On finding religion on the road

"I've been working every Sunday morning for many years, so I don't even get a chance to go to church and Sunday school like other people do. So my church became the bus and my body the temple, as the Bible tells us. We're all in our church everyday."

Copyright 2013 NPR. To see more, visit http://www.npr.org/.

Transcript

WILLIE NELSON: I wrote a new gospel song. It's called "Roll Me Up and Smoke Me When I Die."

RACHEL MARTIN, HOST:

Ah, the great Willie Nelson.

(SOUNDBITE OF SONG, "ROLL ME UP AND SMOKE ME WHEN I DIE")

NELSON: (Singing) Roll me up and smoke me when I die. And if anyone don't like it, look 'em in the eye...
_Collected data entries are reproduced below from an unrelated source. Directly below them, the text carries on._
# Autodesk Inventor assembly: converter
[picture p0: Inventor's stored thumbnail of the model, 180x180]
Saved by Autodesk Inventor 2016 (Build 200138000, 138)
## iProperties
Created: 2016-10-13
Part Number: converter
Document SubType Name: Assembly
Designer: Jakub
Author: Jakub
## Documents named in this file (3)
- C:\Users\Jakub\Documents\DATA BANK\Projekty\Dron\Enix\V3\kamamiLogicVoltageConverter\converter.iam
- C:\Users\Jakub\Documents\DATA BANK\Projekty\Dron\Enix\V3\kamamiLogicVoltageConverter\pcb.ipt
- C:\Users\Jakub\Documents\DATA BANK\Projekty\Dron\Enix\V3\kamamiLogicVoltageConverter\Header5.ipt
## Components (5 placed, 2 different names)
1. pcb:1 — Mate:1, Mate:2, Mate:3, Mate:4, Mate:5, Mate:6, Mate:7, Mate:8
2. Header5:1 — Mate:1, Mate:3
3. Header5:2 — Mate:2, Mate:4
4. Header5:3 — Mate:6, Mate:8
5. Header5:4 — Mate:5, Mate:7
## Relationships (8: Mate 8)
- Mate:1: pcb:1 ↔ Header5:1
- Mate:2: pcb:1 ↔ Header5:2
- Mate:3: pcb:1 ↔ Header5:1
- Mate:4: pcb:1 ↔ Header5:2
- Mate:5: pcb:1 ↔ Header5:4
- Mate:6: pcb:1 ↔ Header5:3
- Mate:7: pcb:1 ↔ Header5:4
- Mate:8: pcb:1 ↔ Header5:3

MARTIN: "Roll Me Up and Smoke Me When I Die" is also the title of Willie Nelson's latest autobiography. And note - I did say latest. You have written at least a couple of other autobiographies. What else did you have to say that you couldn't satisfy with song writing?

NELSON: Oh, nothing.

(LAUGHTER)

MARTIN: That's not entirely true. We spoke with Willie Nelson on his tour bus, which was making stops in Austin, Texas. And this book includes notes and letters from Willie's family back home to go along with what he calls his musings from the road.

NELSON: Yeah, it's kind of like riding down the highway looking out the window, which is what I do about 22 hours every day, and just sort of writing down my thoughts. It's more of a diary, I guess, than anything else.

(SOUNDBITE OF SONG, "ROLL ME UP AND SMOKE ME WHEN I DIE")

NELSON: Play it, little sister.

MARTIN: For those who don't know your story, you do give us little snapshots of different chapters of your life. You grew up in Abbott, Texas.

NELSON: Right.

MARTIN: You and your sister Bobby were raised by your grandparents. And your sister makes music with you to this day. What was happening in that household that turned both of you into musicians?

NELSON: Well, we both grew up in a Methodist church there in Abbott, and started out doing a lot of gospel songs together. and then - well, there was a guy, a blacksmith, in Abbott, and he and my granddad both had blacksmith's jobs. I hung around there a lot. And he had a family band. He just let me play because he knew I wanted to work and needed the work. So, I played a guitar in a big polka band with a lot of horns and everything. So, fortunately, no one ever heard me, because I wasn't that great. But I was nine or 10 years old and making eight to 10 dollars a night. So, it was easier than picking cotton.

MARTIN: Your book is called "Roll Me Up and Smoke Me When I Die," which some may understand to be a reference to marijuana. But you started smoking cigarettes first, right, from a very early age?

NELSON: Actually, I stared smoking grapevine, you know, or cedar bark - anything that would roll up and smoke. Even one day, they had this laxative out, it was called Black Draught, and I said, hell, I'll try that. It didn't work, but...

(LAUGHTER)

MARTIN: When did you stop smoking cigarettes and why?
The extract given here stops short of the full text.